• **HOW TO COMPLETE THIS TASK**
The job is to output exactly the lines that run from the start of the entries through the line containing "33.8h.1M153.6 38.8h.1M222.3 38.8v2.6M224.8", pictures omitted.

[Items from a dataset]
BEGIN

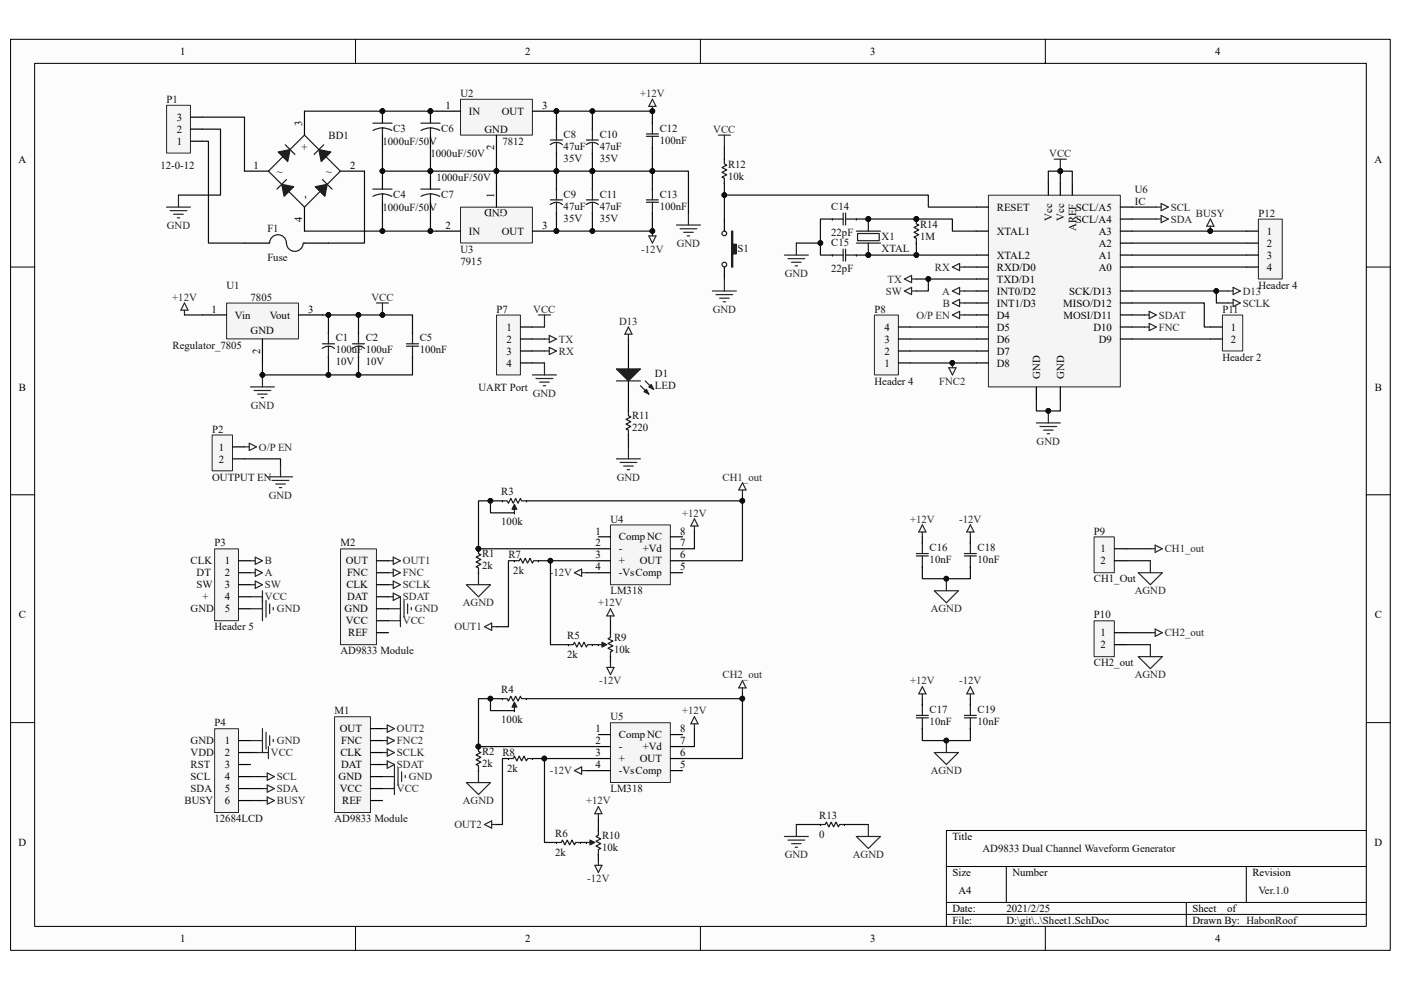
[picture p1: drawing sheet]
<svg xmlns="http://www.w3.org/2000/svg" width="297mm" height="210mm" viewBox="0 0 297 210" stroke-linecap="round" stroke-linejoin="round" font-family="sans-serif">
<path d="M2.3 8.4h292.5v193.2h-292.5z" fill="#fcfcfc"/>
<path d="M2.2 8.3h292.6v193.3h-292.6z" fill="none" stroke="#000" stroke-width=".21"/>
<path d="M7.4 13.5h282.3v183h-282.3z" fill="#fcfcfc"/>
<g fill="none" stroke="#000" stroke-width=".21">
<path d="M7.3 13.4h282.4v183.1h-282.4zM75.4 8.3v5.1M148.5 8.3v5.1M221.6 8.3v5.1M2.2 56.6h5.1M289.7 56.6h5.1M2.2 104.9h5.1M289.7 104.9h5.1M2.2 153.3h5.1M289.7 153.3h5.1M289.7 176.1h-89v20.4M75.4 196.5v5.1"/>
<path d="M148.5 196.5v5.1M200.7 183.8h89M200.7 191.4h89M200.7 194h89M213.4 183.8v7.6M221.6 196.5v5.1M251.5 191.4v5.1M264.2 183.8v7.6"/>
</g>
<path d="M153.6 46.5v2.5M153.6 56.6v2.6" fill="none" stroke="#000" stroke-width=".25"/>
<path d="M155.1 49h.3v2.8h.7v2h-.7v2.8h-.3z" fill-rule="evenodd" fill="#1c1c1c"/>
<g fill="none" stroke="#1c1c1c" stroke-width=".25">
<path d="M155.1 49h.3v2.8h.7v2h-.7v2.8h-.3zM176.5 46.5h2.3M176.5 54.1h2.3M178.8 45.2v2.5M178.8 52.8v2.6M179.3 45.2v2.5M179.3 52.8v2.6M179.3 46.5h2.3M179.3 54.1h2.3M194.3 46.5v1l.5 .2-1 .5 1 .6-1 .5 1 .5-1 .5 .5 .2v1.1"/>
<circle cx="153.6" cy="56.1" r=".49"/>
<circle cx="153.6" cy="49.5" r=".49"/>
</g>
<path d="M176.5 46.5h.1M176.5 54.1h.1M181.6 46.5h.1M181.6 54.1h.1M194.3 51.6h.1M194.3 46.5h.1" fill="none" stroke="#000" stroke-width=".25"/>
<g fill="#0e0e0e" stroke="#0e0e0e" stroke-width=".21">
<circle cx="194.3" cy="46.5" r=".49"/>
<circle cx="222.3" cy="87.1" r=".5"/>
<circle cx="224.8" cy="36.3" r=".49"/>
</g>
<path d="M223.5 33.8h2.6M224.8 33.8v2.5M166.3 54.1h5.1M167.1 54.9h3.5M167.8 55.6h2.1M168.6 56.4h.5M168.8 51.6v2.5M219.7 89.7h5.1M220.5 90.5h3.5M221.3 91.2h2M222 92h.5M222.3 87.2v2.5" fill="none" stroke="#262626" stroke-width=".25"/>
<path d="M209.6 41.4h27.9v40.7h-27.9z" fill="#f5f5f5"/>
<path d="M209.6 41.4h27.9v40.7h-27.9z" fill="none" stroke="#262626" stroke-width=".21"/>
<g fill="none" stroke="#000" stroke-width=".25">
<path d="M153.6 33.8h.1M153.6 38.8h.1M222.3 38.8v2.6M224.8 38.8v2.6M227.3 38.8v2.6M207 43.9h2.5M207 56.6h2.5M207 59.2h2.5M207 49h2.5M207 54.1h2.5M237.5 43.9h2.6M237.5 56.6h2.6"/>
<path d="M237.5 49h2.6M237.5 54.1h2.6M237.5 46.5h2.6M237.5 51.6h2.6M207 61.7h2.5M207 64.3h2.5M207 69.4h2.5M207 71.9h2.5M207 74.4h2.5M207 77h2.5M207 66.8h2.5M237.5 61.7h2.6"/>
<path d="M237.5 64.3h2.6M237.5 69.4h2.6M237.5 71.9h2.6M237.5 66.8h2.6M219.7 82.1v2.5M224.8 82.1v2.5"/>
</g>
<path d="M153.6 33.8v1l.5 .2-1 .5 1 .5-1 .6 1 .5-1 .5 .5 .2v1" fill="none" stroke="#1c1c1c" stroke-width=".25"/>
<path d="M152.3 28.7h2.6M153.6 28.7v2.5M153.6 59.2v2.5M151 61.7h5.1M151.8 62.5h3.6M152.6 63.2h2M153.3 64h.5" fill="none" stroke="#262626" stroke-width=".25"/>
<path d="M105.3 66.8h5v12.7h-5z" fill="#f5f5f5"/>
<path d="M105.3 66.8h5v12.7h-5z" fill="none" stroke="#262626" stroke-width=".21"/>
<path d="M110.3 69.4h2.6M110.3 71.9h2.6M110.3 74.4h2.6M110.3 77h2.6M133.2 73.2v5.1M133.2 80.8v5.1" fill="none" stroke="#000" stroke-width=".25"/>
<g fill="none" stroke="#262626" stroke-width=".25">
<path d="M191.7 59.2l1.6-.8v1.5zM193.3 59.2h1M201.9 56.6l1.6-.7v1.5zM203.5 56.6h1M112.9 79.5h5.1M114.1 66.8h2.6M115.4 66.8v2.6M115.4 77v2.5M115.4 71.9h1.1M115.4 74.4h1.1M116.5 73.7l1.5 .7-1.5 .8zM116.5 71.1l1.5 .8-1.5 .8z"/>
<path d="M113.6 80.3h3.6M114.4 81h2.1M115.2 81.8h.5"/>
</g>
<path d="M130.7 78.3h5.1l-2.6 2.5z" fill="#1c1c1c"/>
<path d="M130.7 78.3h5.1l-2.6 2.5zM135.8 81.8l1.8 1.8M136.8 80.8l1.8 1.8" fill="none" stroke="#1c1c1c" stroke-width=".25"/>
<path d="M137.1 82.6l.5 1-1.1-.5z" fill="#1c1c1c"/>
<path d="M137.1 82.6l.5 1-1.1-.5z" fill="none" stroke="#1c1c1c" stroke-width=".25"/>
<path d="M138.1 81.6l.5 1-1-.5z" fill="#1c1c1c"/>
<path d="M130.7 80.8h5.1M133.2 87.2v1l.5 .2-1 .5 1 .6-1 .5 1 .5-1 .5 .5 .2v1M138.1 81.6l.5 1-1-.5z" fill="none" stroke="#1c1c1c" stroke-width=".25"/>
<path d="M133.2 69.4l.8 1.5h-1.5zM133.2 70.9v1M260.4 61.7h1M261.4 61l1.6 .7-1.6 .8zM130.7 97.3h5.1M131.5 98.1h3.5M132.2 98.8h2.1M133 99.6h.5M133.2 94.8v2.5" fill="none" stroke="#262626" stroke-width=".25"/>
<path d="M133.2 92.2h.1M133.2 87.2h.1" fill="none" stroke="#000" stroke-width=".25"/>
<path d="M45.5 154.6h5.1v17.7h-5.1z" fill="#f5f5f5"/>
<path d="M45.5 154.6h5.1v17.7h-5.1z" fill="none" stroke="#262626" stroke-width=".21"/>
<path d="M50.6 157.1h2.5M50.6 159.6h2.5M50.6 162.2h2.5M50.6 164.7h2.5M50.6 167.3h2.5M50.6 169.8h2.5" fill="none" stroke="#000" stroke-width=".25"/>
<path d="M97.7 21.1h15.2v7.6h-15.2z" fill="#f5f5f5"/>
<path d="M97.6 21.1h15.3v7.6h-15.3z" fill="none" stroke="#262626" stroke-width=".21"/>
<path d="M51.8 36.3h5.1M64.6 23.6v5.1M72.2 36.3h5.1M92.5 23.6h5.1M105.3 28.7v5.1M112.9 23.6h5.1M64.6 43.9v5.1" fill="none" stroke="#000" stroke-width=".25"/>
<circle cx="118" cy="23.6" r=".5" fill="#0e0e0e" stroke="#0e0e0e" stroke-width=".21"/>
<path d="M60.7 38.1l-2 2M64.6 28.7l7.6 7.6-7.6 7.6-7.7-7.6z" fill="none" stroke="#1c1c1c" stroke-width=".25"/>
<path d="M59.7 39.1l2.6 .5-2.1 2z" fill="#1c1c1c"/>
<path d="M59.7 39.1l2.6 .5-2.1 2zM60.5 30.7l2 2" fill="none" stroke="#1c1c1c" stroke-width=".25"/>
<path d="M59 32.2l2.5-.5-.5 2.6z" fill="#1c1c1c"/>
<path d="M59 32.2l2.5-.5-.5 2.6zM68.4 38.1l2 2" fill="none" stroke="#1c1c1c" stroke-width=".25"/>
<path d="M66.8 39.6l2.6-.5-.5 2.5z" fill="#1c1c1c"/>
<path d="M66.8 39.6l2.6-.5-.5 2.5zM68.6 30.7l-2 2" fill="none" stroke="#1c1c1c" stroke-width=".25"/>
<path d="M67.6 31.7l2.5 .5-2 2.1z" fill="#1c1c1c"/>
<g fill="none" stroke="#1c1c1c" stroke-width=".25">
<path d="M67.6 31.7l2.5 .5-2 2.1zM89.2 26.1h4.1M89.3 27.7l1.1-.5 .8-.1 1.3 .2 .7 .4M91.3 27.1v1.6M116.6 30.6h.1a2.12 2.12 0 0 1 2.5 .1M116.7 29.7h2.5M118 27.4v2.3M118 30.2v2.3M124.3 30.6a2.11 2.11 0 0 1 2.6 .1M124.3 29.7h2.6M125.6 27.4v2.3M125.6 30.2v2.3"/>
<path d="M137.1 28.4h2.5M137.1 28.9h2.5M138.3 26.1v2.3M138.3 28.9v2.3M89.2 40.1h4.1M89.3 41.6l1.1-.4 .9-.1 1.2 .2 .7 .4M91.3 41.1v1.6M116.6 43.4l.3-.1a2.02 2.02 0 0 1 2.3 .1M116.7 42.4h2.5M118 40.1v2.3M118 42.9v2.3M124.3 43.4l.1-.1a2.1 2.1 0 0 1 2.5 .1"/>
<path d="M124.3 42.4h2.6M125.6 40.1v2.3M125.6 42.9v2.3M137.1 42.4h2.5M137.1 42.9h2.5M138.3 40.1v2.3M138.3 42.9v2.3"/>
</g>
<g fill="none" stroke="#000" stroke-width=".25">
<path d="M91.3 23.6v2.5M91.3 28.7v2.5M91.3 37.6v2.5M118 27.4h.1M118 32.5h.1M125.6 27.4h.1M125.6 32.5h.1M138.3 31.2h.1M138.3 26.1h.1M91.3 42.7v2.5M118 40.1h.1M118 45.2h.1"/>
<path d="M125.6 40.1h.1M125.6 45.2h.1M138.3 45.2h.1M138.3 40.1h.1"/>
</g>
<g fill="#0e0e0e" stroke="#0e0e0e" stroke-width=".21">
<circle cx="91.3" cy="23.6" r=".5"/>
<circle cx="138.3" cy="49" r=".49"/>
</g>
<path d="M137.6 50h1.5l-.8 1.6zM138.3 49v1M143.4 47.7h5.1M144.2 48.5h3.5M144.9 49.3h2.1M145.7 50h.5M146 45.2v2.5" fill="none" stroke="#262626" stroke-width=".25"/>
<path d="M45.5 116.4h5.1v15.3h-5.1z" fill="#f5f5f5"/>
<path d="M45.5 116.4h5.1v15.3h-5.1z" fill="none" stroke="#262626" stroke-width=".21"/>
<path d="M50.6 118.9h2.5M50.6 121.5h2.5M50.6 124h2.5M50.6 126.6h2.5M50.6 129.1h2.5" fill="none" stroke="#000" stroke-width=".25"/>
<path d="M48.1 64.3h15.2v7.6h-15.2z" fill="#f5f5f5"/>
<path d="M48 64.3h15.3v7.6h-15.3z" fill="none" stroke="#262626" stroke-width=".21"/>
<g fill="none" stroke="#000" stroke-width=".25">
<path d="M81.1 23.6v2.5M81.1 28.7v2.5M81.1 37.6v2.5M51.8 51.6h5.1M64.6 51.6h5M81.1 42.7v2.5M42.9 66.8h5.1M55.6 71.9v5.1M63.3 66.8h5.1M69.6 70.6h.1M69.6 75.7h.1M87.5 75.7h.1"/>
<path d="M87.5 70.6h.1M101.4 116.4h.1M106.5 106.2h.1M109.1 118.9h.1M109.1 108.8h.1M111.6 106.2h.1M114.1 118.9h.1M101.4 121.5h.1"/>
</g>
<g fill="none" stroke="#262626" stroke-width=".25">
<path d="M138.3 21l.8 1.6h-1.5zM138.3 22.6v1M39.1 64.3l.8 1.5h-1.5zM39.1 65.8v1M55.6 79.5v2.6M79.8 64.3h2.6M81.1 64.3v2.5M53.1 82.1h5.1M53.9 82.8h3.5M54.6 83.6h2.1M55.4 84.3h.5M82.4 118.9h1"/>
<path d="M83.4 118.2l1.5 .7-1.5 .8zM147.2 110l.8 1.6h-1.5zM147.2 111.6v1M98.9 124h5.1l-2.6 2.6zM101.4 121.5v2.5M102.7 132.9l1.5-.7v1.5zM104.2 132.9h1.1M121.8 121.5l1.5-.8v1.5zM123.3 121.5h1"/>
</g>
<g fill="#0e0e0e" stroke="#0e0e0e" stroke-width=".21">
<circle cx="138.3" cy="23.6" r=".49"/>
<circle cx="55.6" cy="79.5" r=".49"/>
<circle cx="81.1" cy="66.8" r=".49"/>
<circle cx="81.1" cy="23.6" r=".49"/>
<circle cx="101.4" cy="116.4" r=".49"/>
</g>
<g fill="none" stroke="#1c1c1c" stroke-width=".25">
<path d="M79.1 26.1h4M79.1 27.7l1.2-.5 .8-.1 1.2 .2 .8 .4M81.1 27.1v1.6M56.9 51.6h.3M57.2 51.5a1.78 1.78 0 0 1 1.8-1.7 1.78 1.78 0 0 1 1.7 1.8 1.78 1.78 0 0 0 1.8 1.7 1.78 1.78 0 0 0 1.8-1.7M64.3 51.6h.3M79.1 40.1h4M79.1 41.6l1.2-.4 .8-.1 1.2 .2 .8 .4M81.1 41.1v1.6M68.3 73.9a2.16 2.16 0 0 1 2.6 0M68.4 72.9h2.5M69.6 70.6v2.3"/>
<path d="M69.6 73.4v2.3M86.2 72.9h2.5M86.2 73.4h2.5M87.5 70.6v2.3M87.5 73.4v2.3M101.4 116.4v1l.6 .3-1.1 .5 1.1 .5-1.1 .5 1.1 .5-1.1 .5 .5 .3v1M106.5 106.2h1l.3 .5 .5-1 .5 1 .5-1 .5 1 .5-1 .3 .5h1M109.1 118.9h1l.2-.5 .5 1 .6-1 .5 1 .5-1 .5 1 .2-.5h1"/>
</g>
<path d="M109.1 107l.5 1h-1z" fill="#1c1c1c"/>
<path d="M109.1 107l.5 1h-1zM109.1 107.5v1.3M194.3 117.4h2.5M194.3 117.9h2.5M195.6 115.1v2.3M195.6 117.9v2.3M204.5 117.4h2.5M204.5 117.9h2.5M205.7 115.1v2.3M205.7 117.9v2.3M120.5 136.7h1l.3-.5 .5 1 .5-1 .5 1 .5-1 .5 1 .3-.5h1M129.4 134.2v1l-.5 .3 1 .5-1 .5 1 .5-1 .5 1 .5-.5 .3v1" fill="none" stroke="#1c1c1c" stroke-width=".25"/>
<path d="M195.6 115.1h.1M205.7 115.1h.1M120.5 136.7h.1M125.6 136.7h.1M126.9 136.7h.1M129.4 134.2h.1M129.4 139.3h.1M195.6 120.2h.1M205.7 120.2h.1" fill="none" stroke="#000" stroke-width=".25"/>
<path d="M128.6 141.6h1.6l-.8 1.5zM129.4 140.5v1.1" fill="none" stroke="#262626" stroke-width=".25"/>
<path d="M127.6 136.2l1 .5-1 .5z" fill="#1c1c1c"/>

END

• **RESPONSE**
[picture p1: drawing sheet]
<svg xmlns="http://www.w3.org/2000/svg" width="297mm" height="210mm" viewBox="0 0 297 210" stroke-linecap="round" stroke-linejoin="round" font-family="sans-serif">
<path d="M2.3 8.4h292.5v193.2h-292.5z" fill="#fcfcfc"/>
<path d="M2.2 8.3h292.6v193.3h-292.6z" fill="none" stroke="#000" stroke-width=".21"/>
<path d="M7.4 13.5h282.3v183h-282.3z" fill="#fcfcfc"/>
<g fill="none" stroke="#000" stroke-width=".21">
<path d="M7.3 13.4h282.4v183.1h-282.4zM75.4 8.3v5.1M148.5 8.3v5.1M221.6 8.3v5.1M2.2 56.6h5.1M289.7 56.6h5.1M2.2 104.9h5.1M289.7 104.9h5.1M2.2 153.3h5.1M289.7 153.3h5.1M289.7 176.1h-89v20.4M75.4 196.5v5.1"/>
<path d="M148.5 196.5v5.1M200.7 183.8h89M200.7 191.4h89M200.7 194h89M213.4 183.8v7.6M221.6 196.5v5.1M251.5 191.4v5.1M264.2 183.8v7.6"/>
</g>
<path d="M153.6 46.5v2.5M153.6 56.6v2.6" fill="none" stroke="#000" stroke-width=".25"/>
<path d="M155.1 49h.3v2.8h.7v2h-.7v2.8h-.3z" fill-rule="evenodd" fill="#1c1c1c"/>
<g fill="none" stroke="#1c1c1c" stroke-width=".25">
<path d="M155.1 49h.3v2.8h.7v2h-.7v2.8h-.3zM176.5 46.5h2.3M176.5 54.1h2.3M178.8 45.2v2.5M178.8 52.8v2.6M179.3 45.2v2.5M179.3 52.8v2.6M179.3 46.5h2.3M179.3 54.1h2.3M194.3 46.5v1l.5 .2-1 .5 1 .6-1 .5 1 .5-1 .5 .5 .2v1.1"/>
<circle cx="153.6" cy="56.1" r=".49"/>
<circle cx="153.6" cy="49.5" r=".49"/>
</g>
<path d="M176.5 46.5h.1M176.5 54.1h.1M181.6 46.5h.1M181.6 54.1h.1M194.3 51.6h.1M194.3 46.5h.1" fill="none" stroke="#000" stroke-width=".25"/>
<g fill="#0e0e0e" stroke="#0e0e0e" stroke-width=".21">
<circle cx="194.3" cy="46.5" r=".49"/>
<circle cx="222.3" cy="87.1" r=".5"/>
<circle cx="224.8" cy="36.3" r=".49"/>
</g>
<path d="M223.5 33.8h2.6M224.8 33.8v2.5M166.3 54.1h5.1M167.1 54.9h3.5M167.8 55.6h2.1M168.6 56.4h.5M168.8 51.6v2.5M219.7 89.7h5.1M220.5 90.5h3.5M221.3 91.2h2M222 92h.5M222.3 87.2v2.5" fill="none" stroke="#262626" stroke-width=".25"/>
<path d="M209.6 41.4h27.9v40.7h-27.9z" fill="#f5f5f5"/>
<path d="M209.6 41.4h27.9v40.7h-27.9z" fill="none" stroke="#262626" stroke-width=".21"/>
<g fill="none" stroke="#000" stroke-width=".25">
<path d="M153.6 33.8h.1M153.6 38.8h.1M222.3 38.8v2.6M224.8 38.8v2.6M227.3 38.8v2.6M207 43.9h2.5M207 56.6h2.5M207 59.2h2.5M207 49h2.5M207 54.1h2.5M237.5 43.9h2.6M237.5 56.6h2.6"/>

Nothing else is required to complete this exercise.